§ TASK DESCRIPTION
Select the lines below containing the word "from".

§ DATA SECTION
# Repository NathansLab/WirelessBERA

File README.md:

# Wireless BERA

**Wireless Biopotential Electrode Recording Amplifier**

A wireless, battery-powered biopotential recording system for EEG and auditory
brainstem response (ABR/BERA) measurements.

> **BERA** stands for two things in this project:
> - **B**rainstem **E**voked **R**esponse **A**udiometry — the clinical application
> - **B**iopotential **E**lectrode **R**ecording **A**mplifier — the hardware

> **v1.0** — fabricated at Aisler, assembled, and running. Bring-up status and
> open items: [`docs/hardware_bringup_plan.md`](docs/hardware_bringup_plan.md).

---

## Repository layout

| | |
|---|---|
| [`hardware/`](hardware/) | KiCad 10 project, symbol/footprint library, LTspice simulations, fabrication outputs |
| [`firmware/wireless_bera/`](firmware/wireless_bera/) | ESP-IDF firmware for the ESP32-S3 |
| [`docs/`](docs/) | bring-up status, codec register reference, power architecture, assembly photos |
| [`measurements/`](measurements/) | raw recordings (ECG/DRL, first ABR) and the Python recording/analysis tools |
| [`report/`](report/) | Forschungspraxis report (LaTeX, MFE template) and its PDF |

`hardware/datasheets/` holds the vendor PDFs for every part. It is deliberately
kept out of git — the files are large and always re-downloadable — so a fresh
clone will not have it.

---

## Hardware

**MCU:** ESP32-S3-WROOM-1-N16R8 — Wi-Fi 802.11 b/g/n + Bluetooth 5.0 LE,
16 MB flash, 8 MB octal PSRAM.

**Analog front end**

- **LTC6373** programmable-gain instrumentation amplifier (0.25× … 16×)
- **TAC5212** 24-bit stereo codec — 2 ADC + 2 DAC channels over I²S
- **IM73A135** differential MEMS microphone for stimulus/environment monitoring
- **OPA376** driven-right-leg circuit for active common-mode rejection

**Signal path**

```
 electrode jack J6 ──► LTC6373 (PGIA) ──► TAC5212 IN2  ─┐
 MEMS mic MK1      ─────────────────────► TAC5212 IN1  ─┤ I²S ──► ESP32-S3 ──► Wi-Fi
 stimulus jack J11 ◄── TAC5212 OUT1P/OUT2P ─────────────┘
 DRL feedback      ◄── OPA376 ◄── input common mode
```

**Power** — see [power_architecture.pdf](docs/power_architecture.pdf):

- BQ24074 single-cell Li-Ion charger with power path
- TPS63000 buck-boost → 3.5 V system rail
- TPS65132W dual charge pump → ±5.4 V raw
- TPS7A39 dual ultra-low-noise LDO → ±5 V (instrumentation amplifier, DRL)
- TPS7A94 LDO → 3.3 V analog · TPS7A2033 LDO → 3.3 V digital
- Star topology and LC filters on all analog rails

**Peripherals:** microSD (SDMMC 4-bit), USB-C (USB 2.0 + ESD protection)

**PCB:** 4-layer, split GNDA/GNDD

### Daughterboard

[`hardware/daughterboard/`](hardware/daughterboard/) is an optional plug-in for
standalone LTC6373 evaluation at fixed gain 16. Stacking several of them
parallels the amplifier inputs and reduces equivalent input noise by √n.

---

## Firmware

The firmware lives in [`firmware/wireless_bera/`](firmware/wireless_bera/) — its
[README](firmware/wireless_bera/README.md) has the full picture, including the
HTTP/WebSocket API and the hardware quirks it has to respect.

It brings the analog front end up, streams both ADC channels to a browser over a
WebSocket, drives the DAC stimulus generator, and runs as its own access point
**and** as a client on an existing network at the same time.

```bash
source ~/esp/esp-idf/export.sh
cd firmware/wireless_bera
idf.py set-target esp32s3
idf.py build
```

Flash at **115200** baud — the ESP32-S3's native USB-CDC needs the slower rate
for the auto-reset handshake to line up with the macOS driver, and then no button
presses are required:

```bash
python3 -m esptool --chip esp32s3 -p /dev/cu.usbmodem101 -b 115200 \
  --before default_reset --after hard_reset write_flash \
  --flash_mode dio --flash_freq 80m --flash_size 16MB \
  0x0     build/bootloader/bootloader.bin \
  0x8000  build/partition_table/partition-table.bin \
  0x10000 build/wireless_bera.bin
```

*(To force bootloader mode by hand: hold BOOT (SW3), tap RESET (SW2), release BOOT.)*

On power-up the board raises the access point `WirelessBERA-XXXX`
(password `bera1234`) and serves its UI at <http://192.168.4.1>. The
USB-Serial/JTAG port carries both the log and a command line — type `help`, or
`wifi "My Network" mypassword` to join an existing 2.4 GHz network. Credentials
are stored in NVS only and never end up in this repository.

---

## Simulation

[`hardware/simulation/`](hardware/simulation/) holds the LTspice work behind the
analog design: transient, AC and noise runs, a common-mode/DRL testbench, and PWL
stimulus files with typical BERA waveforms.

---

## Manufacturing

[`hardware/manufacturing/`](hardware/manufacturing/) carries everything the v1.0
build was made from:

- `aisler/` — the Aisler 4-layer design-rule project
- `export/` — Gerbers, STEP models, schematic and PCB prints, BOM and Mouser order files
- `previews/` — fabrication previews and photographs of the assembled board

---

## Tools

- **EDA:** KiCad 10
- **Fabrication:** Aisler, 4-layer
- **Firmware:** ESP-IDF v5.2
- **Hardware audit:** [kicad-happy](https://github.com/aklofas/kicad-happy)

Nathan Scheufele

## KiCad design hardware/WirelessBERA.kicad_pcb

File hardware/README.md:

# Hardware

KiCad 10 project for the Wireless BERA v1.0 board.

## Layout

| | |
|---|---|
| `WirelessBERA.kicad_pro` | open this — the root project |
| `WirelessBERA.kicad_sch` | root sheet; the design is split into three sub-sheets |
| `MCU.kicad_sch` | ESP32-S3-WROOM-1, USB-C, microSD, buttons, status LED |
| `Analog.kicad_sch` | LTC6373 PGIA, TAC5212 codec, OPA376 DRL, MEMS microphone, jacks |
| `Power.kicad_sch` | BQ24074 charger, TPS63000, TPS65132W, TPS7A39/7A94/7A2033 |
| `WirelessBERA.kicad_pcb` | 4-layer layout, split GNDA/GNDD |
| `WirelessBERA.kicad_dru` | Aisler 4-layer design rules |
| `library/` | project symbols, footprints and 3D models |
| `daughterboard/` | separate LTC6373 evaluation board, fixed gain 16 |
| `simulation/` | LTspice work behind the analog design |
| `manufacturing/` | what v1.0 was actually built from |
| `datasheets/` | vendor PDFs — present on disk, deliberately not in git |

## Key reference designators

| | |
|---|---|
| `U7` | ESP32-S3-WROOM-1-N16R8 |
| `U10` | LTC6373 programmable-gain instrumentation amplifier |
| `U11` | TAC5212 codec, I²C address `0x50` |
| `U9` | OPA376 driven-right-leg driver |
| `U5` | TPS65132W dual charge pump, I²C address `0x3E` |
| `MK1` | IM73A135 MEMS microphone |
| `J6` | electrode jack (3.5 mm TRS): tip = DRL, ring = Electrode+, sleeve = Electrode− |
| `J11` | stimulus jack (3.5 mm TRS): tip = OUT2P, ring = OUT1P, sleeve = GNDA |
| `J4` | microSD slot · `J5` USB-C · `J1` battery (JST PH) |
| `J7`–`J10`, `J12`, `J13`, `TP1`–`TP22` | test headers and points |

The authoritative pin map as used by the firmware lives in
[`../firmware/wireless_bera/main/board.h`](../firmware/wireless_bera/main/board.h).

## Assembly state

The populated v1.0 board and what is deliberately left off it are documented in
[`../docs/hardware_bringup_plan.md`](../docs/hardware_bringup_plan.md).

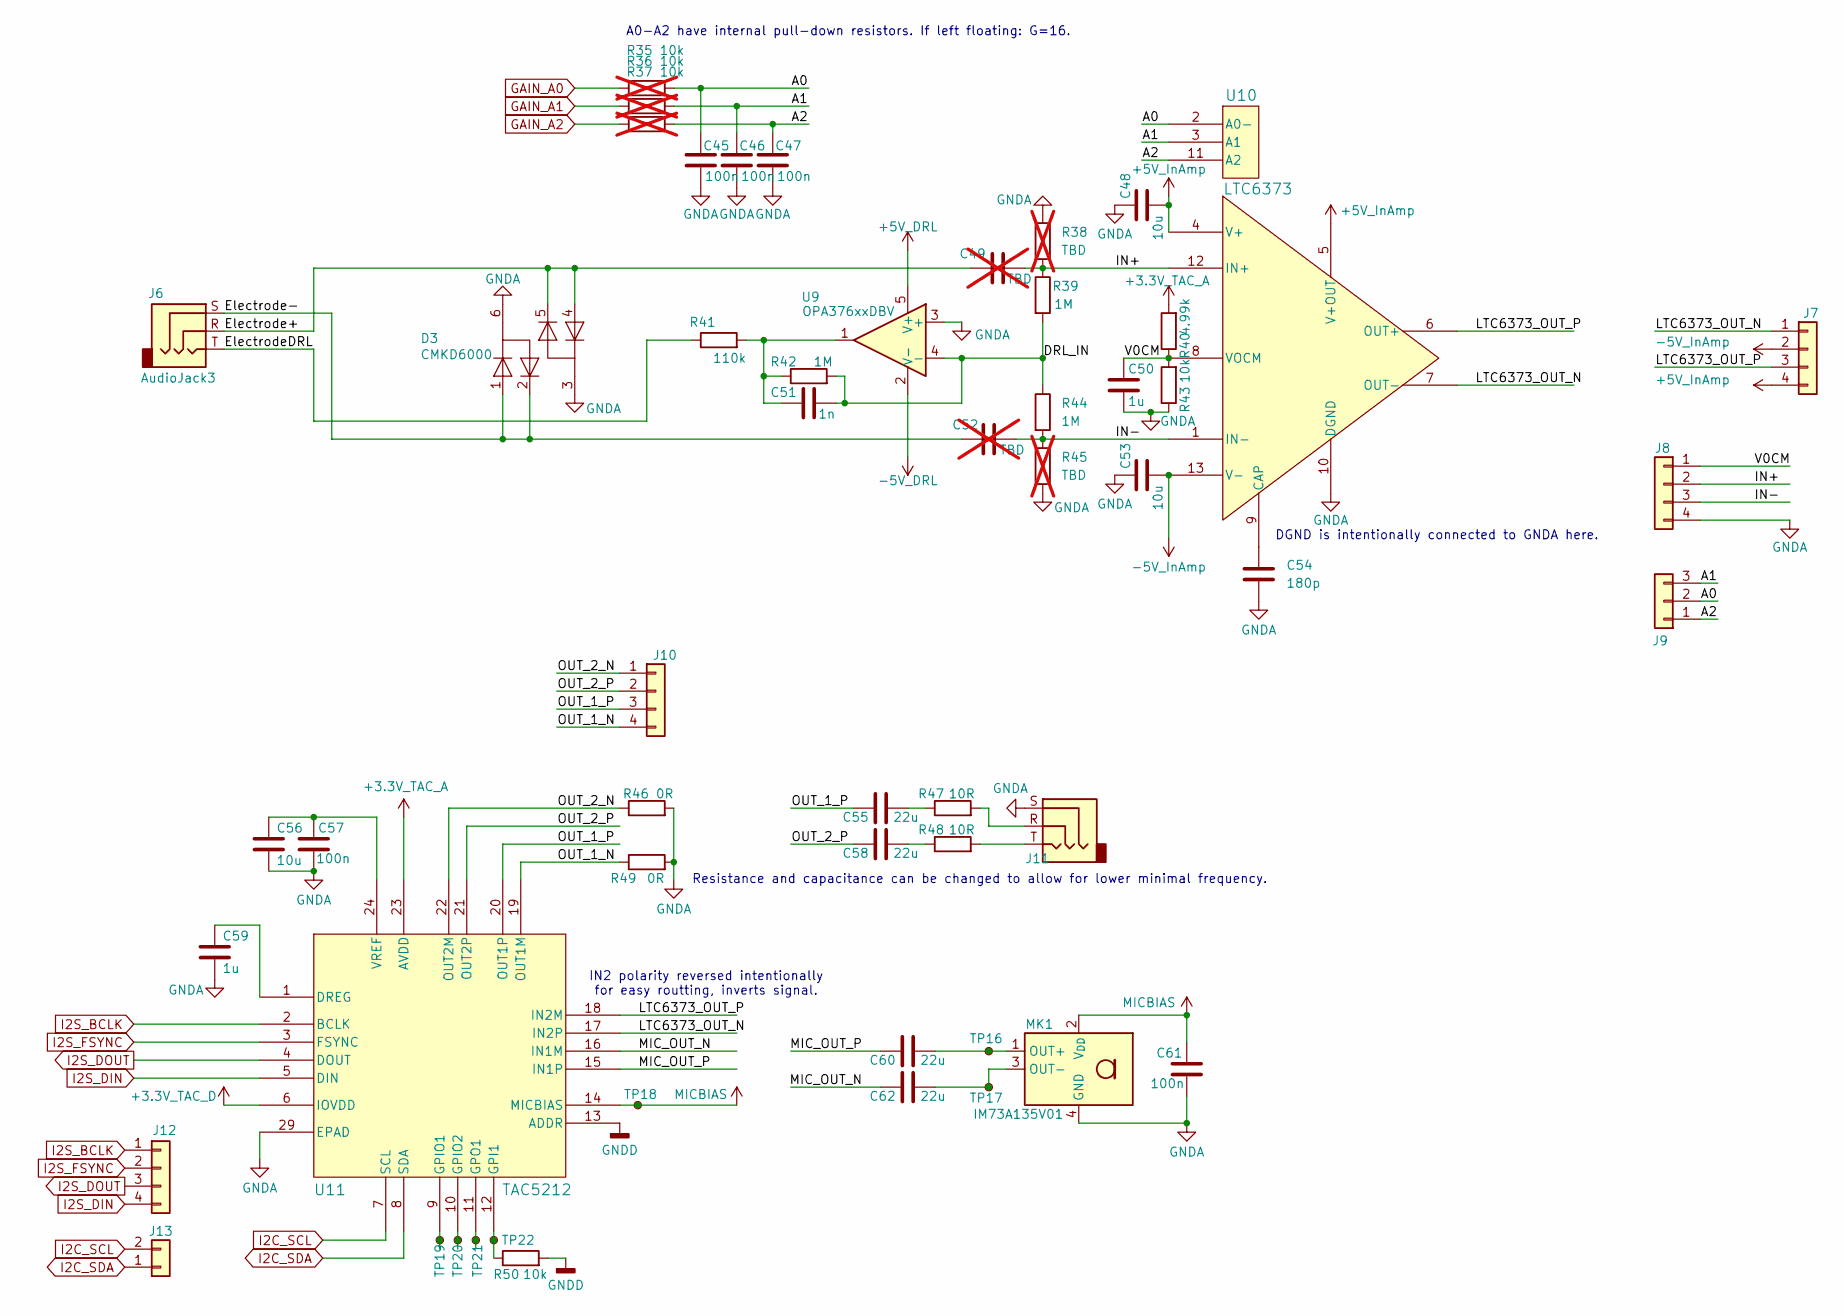
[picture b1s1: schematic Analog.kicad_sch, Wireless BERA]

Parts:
C45, C46, C47, C57, C61: 100n; C_0603_1608Metric; MPN C0603C104K5RACTU
C48, C53: 10u; C_0603_1608Metric; MPN GRM188R61C106MA73J
C49, C52: TBD; C_0603_1608Metric; not fitted
C50, C59: 1u; C_0603_1608Metric; MPN C0603C105K8PACTU
C51: 1n; C_0603_1608Metric; MPN C1608C0G1H102J080AE
C54: 180p; C_0603_1608Metric; MPN C0603C181J5GACTU
C55, C58, C60, C62: 22u; C_0805_2012Metric; MPN GRM21BR60J226ME39L
C56: 10u; C_0805_2012Metric; MPN C0805C106K4PACTU
D3: CMKD6000; SOT-363_SC-70-6; MPN CMKD6000 TR PBFREE
J6, J11: AudioJack3; Jack_3.5mm_CUI_SJ1-3523N_Horizontal; MPN SJ1-3523N
J7, J8, J10, J12: PinHeader_01x04_2.54mm_Vertical; PinHeader_1x04_P2.54mm_Vertical; MPN 61300411121
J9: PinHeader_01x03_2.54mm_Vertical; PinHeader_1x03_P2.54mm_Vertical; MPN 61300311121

§ RESPONSE AREA
build was made from:
| `manufacturing/` | what v1.0 was actually built from |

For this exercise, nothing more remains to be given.